Work item ->
Starting at the first line of the material below and stopping after the line that includes "from ezdxf import colors", write the lines out again exactly. Drop any pictures.

- Opening Delimiter -

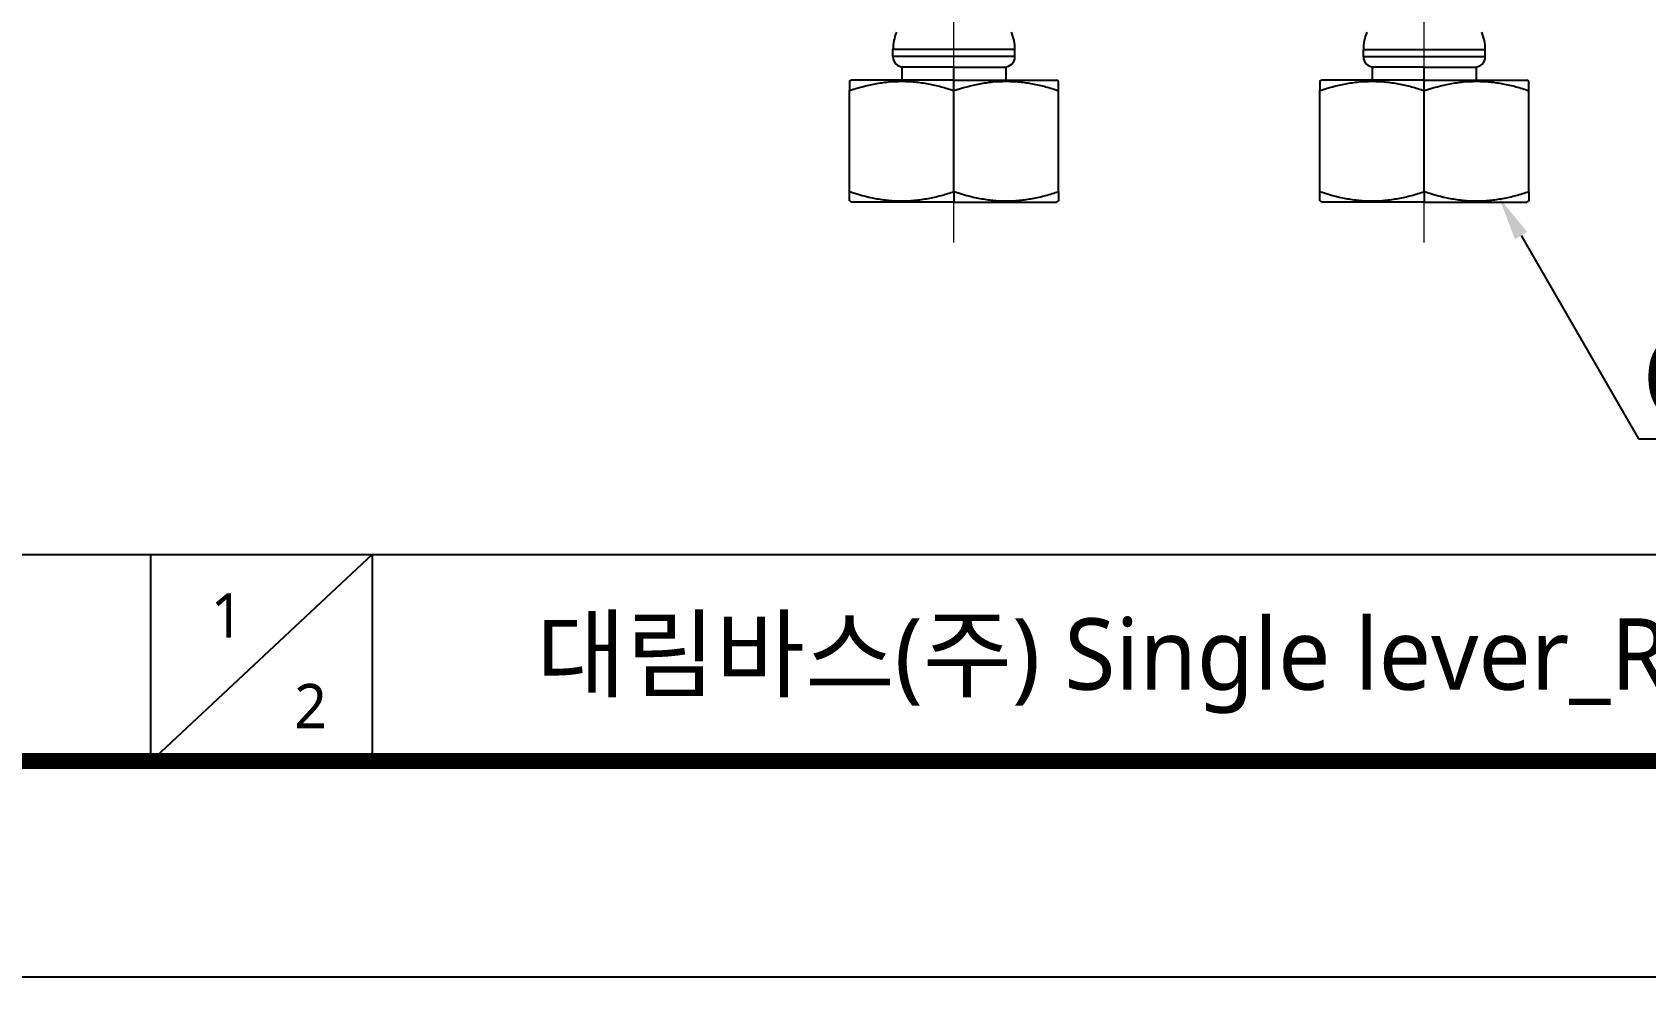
# Model space of a CAD drawing. Extents: x 2474 to 3264, y 0 to 579.
# Drawn here: x 2570.6 to 2755.8, y 0 to 108.5 of the extents above; entities that cross this region are included whole.
import ezdxf
from ezdxf import colors
from ezdxf.entities.mleader import LeaderData, LeaderLine
from ezdxf.math import Vec2, Vec3

# ---------------------------------------------------------------- set-up
doc = ezdxf.new("R2010")
doc.units = 0
doc.header["$LTSCALE"] = 10
doc.header["$MEASUREMENT"] = 0
doc.linetypes.add('CENTER', pattern=[2, 1.25, -0.25, 0.25, -0.25])
doc.layers.get('0').update_dxf_attribs({"linetype": 'CONTINUOUS'})
doc.layers.add('1', color=7, linetype='CONTINUOUS')
doc.layers.add('BODY', color=7, linetype='CONTINUOUS')
doc.styles.add('Daelim Dimension', font='NanumGothic.ttf')
doc.styles.get("Standard").update_dxf_attribs({"font": 'GulimChe.ttf'})

msp = doc.modelspace()

# ---------------------------------------------------------------- linework, layer by layer
at = {"color": 5}
msp.add_line((2486.67, 48.49), (3122.69, 48.49), dxfattribs=at)
at = {"color": 5, "ltscale": 40}
for p, q in [((2584.17, 48.49), (2584.17, 24.69)), ((2584.17, 48.49), (2584.17, 24.69)), ((2609.64, 48.49), (2584.17, 24.69)), ((2609.64, 48.49), (2584.17, 24.69)), ((2609.64, 48.49), (2609.64, 24.69)), ((2609.64, 48.49), (2609.64, 24.69))]:
    msp.add_line(p, q, dxfattribs=at)
at = {"ltscale": 0.5}
msp.add_lwpolyline([(2473.97, 0), (3263.85, 0), (3263.85, 578.76), (2473.97, 578.76)], close=True, dxfattribs=at)
at = {"color": 5, "linetype": 'ByBlock', "lineweight": 200, "const_width": 1.82}
msp.add_lwpolyline([(2486.67, 24.78), (3251.07, 24.78), (3251.07, 565.32), (2486.67, 565.32)], close=True, dxfattribs=at)
at = {"layer": '1', "color": 7, "linetype": 'Continuous', "lineweight": -3}
for p, q in [((2683.43, 106.5), (2669.43, 106.5)), ((2669.43, 105.66), (2669.43, 106.5)), ((2683.43, 105.66), (2669.43, 105.66)), ((2683.43, 105.66), (2683.43, 106.5)), ((2723.43, 106.5), (2737.43, 106.5)), ((2723.43, 105.66), (2723.43, 106.5)), ((2723.43, 105.66), (2737.43, 105.66)), ((2737.43, 105.66), (2737.43, 106.5)), ((2676.43, 104.46), (2670.43, 104.46)), ((2670.43, 104.46), (2670.43, 102.96)), ((2676.43, 104.46), (2682.43, 104.46)), ((2676.43, 102.96), (2676.43, 104.46)), ((2682.43, 102.96), (2682.43, 104.46)), ((2730.43, 104.46), (2724.43, 104.46)), ((2724.43, 104.46), (2724.43, 102.96)), ((2730.43, 104.46), (2736.43, 104.46)), ((2730.43, 102.96), (2730.43, 104.46)), ((2736.43, 102.96), (2736.43, 104.46)), ((2664.66, 102.96), (2664.43, 102.83)), ((2676.43, 102.96), (2664.66, 102.96)), ((2676.43, 102.96), (2688.21, 102.96)), ((2676.43, 101.76), (2676.43, 102.96)), ((2688.44, 102.83), (2688.21, 102.96)), ((2718.66, 102.96), (2718.43, 102.83)), ((2730.43, 102.96), (2718.66, 102.96)), ((2730.43, 101.76), (2730.43, 102.96)), ((2730.43, 102.96), (2742.21, 102.96)), ((2742.44, 102.83), (2742.21, 102.96)), ((2664.43, 90.16), (2664.43, 101.76)), ((2676.43, 90.16), (2676.43, 101.76)), ((2688.43, 90.16), (2688.43, 101.76)), ((2718.43, 90.16), (2718.43, 101.76)), ((2730.43, 90.16), (2730.43, 101.76)), ((2742.43, 90.16), (2742.43, 101.76)), ((2664.43, 89.09), (2664.66, 88.96)), ((2676.43, 88.96), (2664.66, 88.96)), ((2676.43, 90.16), (2676.43, 88.96)), ((2676.43, 88.96), (2688.21, 88.96)), ((2688.21, 88.96), (2688.44, 89.09)), ((2718.43, 89.09), (2718.66, 88.96)), ((2730.43, 88.96), (2718.66, 88.96)), ((2730.43, 90.16), (2730.43, 88.96)), ((2730.43, 88.96), (2742.21, 88.96)), ((2742.21, 88.96), (2742.44, 89.09))]:
    msp.add_line(p, q, dxfattribs=at)
for centre, radius, start, end in [((2674.43, 106.5), 5, 156.9261, 180), ((2678.43, 106.5), 5, 0, 23.0739), ((2728.43, 106.5), 5, 156.9261, 180), ((2732.43, 106.5), 5, 0, 23.0739), ((2670.63, 105.66), 1.2, 180, 270), ((2682.23, 105.66), 1.2, 270, 0), ((2724.63, 105.66), 1.2, 180, 270), ((2736.23, 105.66), 1.2, 270, 0)]:
    msp.add_arc(centre, radius, start, end, dxfattribs=at)
for points, knots in [([(2664.43, 102.83), (2664.43, 102.83), (2664.43, 102.83), (2664.43, 102.83), (2664.43, 102.82), (2664.43, 102.82), (2664.43, 102.81), (2664.43, 102.78), (2664.43, 102.71), (2664.43, 102.64), (2664.43, 102.45), (2664.43, 102.34), (2664.43, 102.07), (2664.43, 101.92), (2664.43, 101.76)], [0, 0, 0, 0, 0.060313, 0.060313, 0.091636, 0.091636, 0.122959, 0.24825, 0.24825, 0.498834, 0.498834, 0.749417, 0.749417, 1, 1, 1, 1]), ([(2664.43, 101.76), (2665.41, 102.09), (2666.4, 102.36), (2667.9, 102.64), (2668.4, 102.71), (2669.41, 102.81), (2669.91, 102.83), (2670.55, 102.83), (2670.68, 102.83), (2670.87, 102.83), (2670.93, 102.82), (2671.06, 102.82), (2671.38, 102.81), (2671.7, 102.78), (2672.46, 102.71), (2672.96, 102.64), (2673.96, 102.45), (2674.46, 102.34), (2675.45, 102.07), (2675.94, 101.93), (2676.43, 101.76)], [0, 0, 0, 0, 0.25, 0.25, 0.375, 0.375, 0.5, 0.5, 0.53125, 0.53125, 0.546875, 0.546875, 0.5625, 0.625, 0.625, 0.75, 0.75, 0.875, 0.875, 1, 1, 1, 1]), ([(2676.43, 101.76), (2677.41, 102.09), (2678.4, 102.36), (2679.9, 102.64), (2680.4, 102.71), (2681.41, 102.81), (2681.91, 102.83), (2682.55, 102.83), (2682.68, 102.83), (2682.87, 102.83), (2682.93, 102.82), (2683.06, 102.82), (2683.38, 102.81), (2683.7, 102.78), (2684.46, 102.71), (2684.96, 102.64), (2685.96, 102.45), (2686.46, 102.34), (2687.45, 102.07), (2687.94, 101.92), (2688.43, 101.76)], [0, 0, 0, 0, 0.25, 0.25, 0.375, 0.375, 0.5, 0.5, 0.53125, 0.53125, 0.546875, 0.546875, 0.5625, 0.625, 0.625, 0.75, 0.75, 0.875, 0.875, 1, 1, 1, 1]), ([(2688.43, 101.76), (2688.43, 102.09), (2688.43, 102.36), (2688.43, 102.64), (2688.43, 102.71), (2688.43, 102.81), (2688.43, 102.83), (2688.43, 102.83), (2688.43, 102.83), (2688.43, 102.83)], [0, 0, 0, 0, 0.498674, 0.498674, 0.748011, 0.748011, 0.997349, 0.997349, 1, 1, 1, 1]), ([(2718.43, 102.83), (2718.43, 102.83), (2718.43, 102.83), (2718.43, 102.83), (2718.43, 102.82), (2718.43, 102.82), (2718.43, 102.81), (2718.43, 102.78), (2718.43, 102.71), (2718.43, 102.64), (2718.43, 102.45), (2718.43, 102.34), (2718.43, 102.07), (2718.43, 101.92), (2718.43, 101.76)], [0, 0, 0, 0, 0.060313, 0.060313, 0.091636, 0.091636, 0.122959, 0.24825, 0.24825, 0.498834, 0.498834, 0.749417, 0.749417, 1, 1, 1, 1]), ([(2718.43, 101.76), (2719.41, 102.09), (2720.4, 102.36), (2721.9, 102.64), (2722.4, 102.71), (2723.41, 102.81), (2723.91, 102.83), (2724.55, 102.83), (2724.68, 102.83), (2724.87, 102.83), (2724.93, 102.82), (2725.06, 102.82), (2725.38, 102.81), (2725.7, 102.78), (2726.46, 102.71), (2726.96, 102.64), (2727.96, 102.45), (2728.46, 102.34), (2729.45, 102.07), (2729.94, 101.93), (2730.43, 101.76)], [0, 0, 0, 0, 0.25, 0.25, 0.375, 0.375, 0.5, 0.5, 0.53125, 0.53125, 0.546875, 0.546875, 0.5625, 0.625, 0.625, 0.75, 0.75, 0.875, 0.875, 1, 1, 1, 1]), ([(2730.43, 101.76), (2731.41, 102.09), (2732.4, 102.36), (2733.9, 102.64), (2734.4, 102.71), (2735.41, 102.81), (2735.91, 102.83), (2736.55, 102.83), (2736.68, 102.83), (2736.87, 102.83), (2736.93, 102.82), (2737.06, 102.82), (2737.38, 102.81), (2737.7, 102.78), (2738.46, 102.71), (2738.96, 102.64), (2739.96, 102.45), (2740.46, 102.34), (2741.45, 102.07), (2741.94, 101.92), (2742.43, 101.76)], [0, 0, 0, 0, 0.25, 0.25, 0.375, 0.375, 0.5, 0.5, 0.53125, 0.53125, 0.546875, 0.546875, 0.5625, 0.625, 0.625, 0.75, 0.75, 0.875, 0.875, 1, 1, 1, 1]), ([(2742.43, 101.76), (2742.43, 102.09), (2742.43, 102.36), (2742.43, 102.64), (2742.43, 102.71), (2742.43, 102.81), (2742.43, 102.83), (2742.43, 102.83), (2742.43, 102.83), (2742.43, 102.83)], [0, 0, 0, 0, 0.498674, 0.498674, 0.748011, 0.748011, 0.997349, 0.997349, 1, 1, 1, 1]), ([(2664.43, 89.09), (2664.43, 89.09), (2664.43, 89.09), (2664.43, 89.1), (2664.43, 89.1), (2664.43, 89.1), (2664.43, 89.12), (2664.43, 89.14), (2664.43, 89.21), (2664.43, 89.29), (2664.43, 89.47), (2664.43, 89.59), (2664.43, 89.85), (2664.43, 90), (2664.43, 90.16)], [0, 0, 0, 0, 0.060313, 0.060313, 0.091636, 0.091636, 0.122959, 0.24825, 0.24825, 0.498834, 0.498834, 0.749417, 0.749417, 1, 1, 1, 1]), ([(2664.43, 90.16), (2665.41, 89.84), (2666.4, 89.57), (2667.9, 89.29), (2668.4, 89.22), (2669.41, 89.12), (2669.91, 89.09), (2670.55, 89.09), (2670.68, 89.09), (2670.87, 89.1), (2670.93, 89.1), (2671.06, 89.1), (2671.38, 89.12), (2671.7, 89.14), (2672.46, 89.21), (2672.96, 89.29), (2673.96, 89.47), (2674.46, 89.59), (2675.45, 89.85), (2675.94, 90), (2676.43, 90.16)], [0, 0, 0, 0, 0.25, 0.25, 0.375, 0.375, 0.5, 0.5, 0.53125, 0.53125, 0.546875, 0.546875, 0.5625, 0.625, 0.625, 0.75, 0.75, 0.875, 0.875, 1, 1, 1, 1]), ([(2676.43, 90.16), (2677.41, 89.84), (2678.4, 89.57), (2679.9, 89.29), (2680.4, 89.21), (2681.41, 89.12), (2681.91, 89.09), (2682.55, 89.09), (2682.68, 89.09), (2682.87, 89.1), (2682.93, 89.1), (2683.06, 89.1), (2683.38, 89.12), (2683.7, 89.14), (2684.46, 89.21), (2684.96, 89.29), (2685.96, 89.47), (2686.46, 89.59), (2687.45, 89.85), (2687.94, 90), (2688.43, 90.16)], [0, 0, 0, 0, 0.25, 0.25, 0.375, 0.375, 0.5, 0.5, 0.53125, 0.53125, 0.546875, 0.546875, 0.5625, 0.625, 0.625, 0.75, 0.75, 0.875, 0.875, 1, 1, 1, 1]), ([(2688.43, 90.16), (2688.43, 89.84), (2688.43, 89.57), (2688.43, 89.29), (2688.43, 89.21), (2688.43, 89.12), (2688.43, 89.09), (2688.43, 89.09), (2688.43, 89.09), (2688.43, 89.09)], [0, 0, 0, 0, 0.498674, 0.498674, 0.748011, 0.748011, 0.997349, 0.997349, 1, 1, 1, 1]), ([(2718.43, 89.09), (2718.43, 89.09), (2718.43, 89.09), (2718.43, 89.1), (2718.43, 89.1), (2718.43, 89.1), (2718.43, 89.12), (2718.43, 89.14), (2718.43, 89.21), (2718.43, 89.29), (2718.43, 89.47), (2718.43, 89.59), (2718.43, 89.85), (2718.43, 90), (2718.43, 90.16)], [0, 0, 0, 0, 0.060313, 0.060313, 0.091636, 0.091636, 0.122959, 0.24825, 0.24825, 0.498834, 0.498834, 0.749417, 0.749417, 1, 1, 1, 1]), ([(2718.43, 90.16), (2719.41, 89.84), (2720.4, 89.57), (2721.9, 89.29), (2722.4, 89.22), (2723.41, 89.12), (2723.91, 89.09), (2724.55, 89.09), (2724.68, 89.09), (2724.87, 89.1), (2724.93, 89.1), (2725.06, 89.1), (2725.38, 89.12), (2725.7, 89.14), (2726.46, 89.21), (2726.96, 89.29), (2727.96, 89.47), (2728.46, 89.59), (2729.45, 89.85), (2729.94, 90), (2730.43, 90.16)], [0, 0, 0, 0, 0.25, 0.25, 0.375, 0.375, 0.5, 0.5, 0.53125, 0.53125, 0.546875, 0.546875, 0.5625, 0.625, 0.625, 0.75, 0.75, 0.875, 0.875, 1, 1, 1, 1]), ([(2730.43, 90.16), (2731.41, 89.84), (2732.4, 89.57), (2733.9, 89.29), (2734.4, 89.21), (2735.41, 89.12), (2735.91, 89.09), (2736.55, 89.09), (2736.68, 89.09), (2736.87, 89.1), (2736.93, 89.1), (2737.06, 89.1), (2737.38, 89.12), (2737.7, 89.14), (2738.46, 89.21), (2738.96, 89.29), (2739.96, 89.47), (2740.46, 89.59), (2741.45, 89.85), (2741.94, 90), (2742.43, 90.16)], [0, 0, 0, 0, 0.25, 0.25, 0.375, 0.375, 0.5, 0.5, 0.53125, 0.53125, 0.546875, 0.546875, 0.5625, 0.625, 0.625, 0.75, 0.75, 0.875, 0.875, 1, 1, 1, 1]), ([(2742.43, 90.16), (2742.43, 89.84), (2742.43, 89.57), (2742.43, 89.29), (2742.43, 89.21), (2742.43, 89.12), (2742.43, 89.09), (2742.43, 89.09), (2742.43, 89.09), (2742.43, 89.09)], [0, 0, 0, 0, 0.498674, 0.498674, 0.748011, 0.748011, 0.997349, 0.997349, 1, 1, 1, 1])]:
    msp.add_open_spline(points, degree=3, knots=knots, dxfattribs=at)
at = {"layer": 'BODY', "color": 1, "linetype": 'CENTER', "lineweight": 5}
for p, q in [((2676.43, 84.33), (2676.43, 122.21)), ((2730.43, 84.33), (2730.43, 122.21))]:
    msp.add_line(p, q, dxfattribs=at)

# ---------------------------------------------------------------- texts
at = {"char_height": 5.1, "width": 7.119, "attachment_point": 1, "style": 'Daelim Dimension'}
for s, insert in [('1', (2591.09, 44.03)), ('2', (2600.67, 33.63))]:
    msp.add_mtext(s, dxfattribs=dict(at, insert=insert))
at = {"color": 2, "insert": (2628.48, 41.16), "char_height": 8.198, "width": 362.8925, "attachment_point": 1, "style": 'Daelim Dimension'}
msp.add_mtext('대림바스(주) Single lever_ROTONDO_원홀세면수전_HFL A20', dxfattribs=at)

# ---------------------------------------------------------------- leaders
at = {"ltscale": 0.5}
ml = msp.add_multileader_mtext('Standard', dxfattribs=at)
ml.set_content('{\\f나눔고딕|b0|i0|c129|p50;G1/2-14TH}', color=256)
ml.set_leader_properties(color=5)
ml.build(insert=Vec2(0, 0))
ml.multileader.update_dxf_attribs({"text_left_attachment_type": 6, "text_right_attachment_type": 6, "dogleg_length": 0.36, "arrow_head_size": 5})
ctx = ml.context
ctx.base_point, ctx.char_height, ctx.arrow_head_size, ctx.landing_gap_size, ctx.plane_origin = Vec3(2755.39, 61.79), 10, 5, 0.09, Vec3(2739.85, 87.89)
ctx.left_attachment, ctx.right_attachment = 6, 6
notes = []
notes.append((ctx, [(0, (1, 1, 0), (2755.03, 61.79), (1, 0), 0.36, [(0, [(2739.03, 89.44)], 0, [])])]))
ctx.mtext.insert, ctx.mtext.flow_direction = Vec3(2755.48, 73.79), 5
for ctx, leaders in notes:
    for number, flags, end, landing, length, lines in leaders:
        leader = LeaderData()
        leader.index, (leader.has_last_leader_line, leader.has_dogleg_vector, leader.attachment_direction) = number, flags
        leader.last_leader_point, leader.dogleg_vector, leader.dogleg_length = Vec3(end), Vec3(landing), length
        for number, points, colour, breaks in lines:
            line = LeaderLine()
            line.index, line.vertices, line.color, line.breaks = number, Vec3.list(points), colors.encode_raw_color(colour), breaks
            leader.lines.append(line)
        ctx.leaders.append(leader)

doc.saveas('drawing.dxf')

- Closing Delimiter -

Response ->
# Model space of a CAD drawing. Extents: x 2474 to 3264, y 0 to 579.
# Drawn here: x 2570.6 to 2755.8, y 0 to 108.5 of the extents above; entities that cross this region are included whole.
import ezdxf
from ezdxf import colors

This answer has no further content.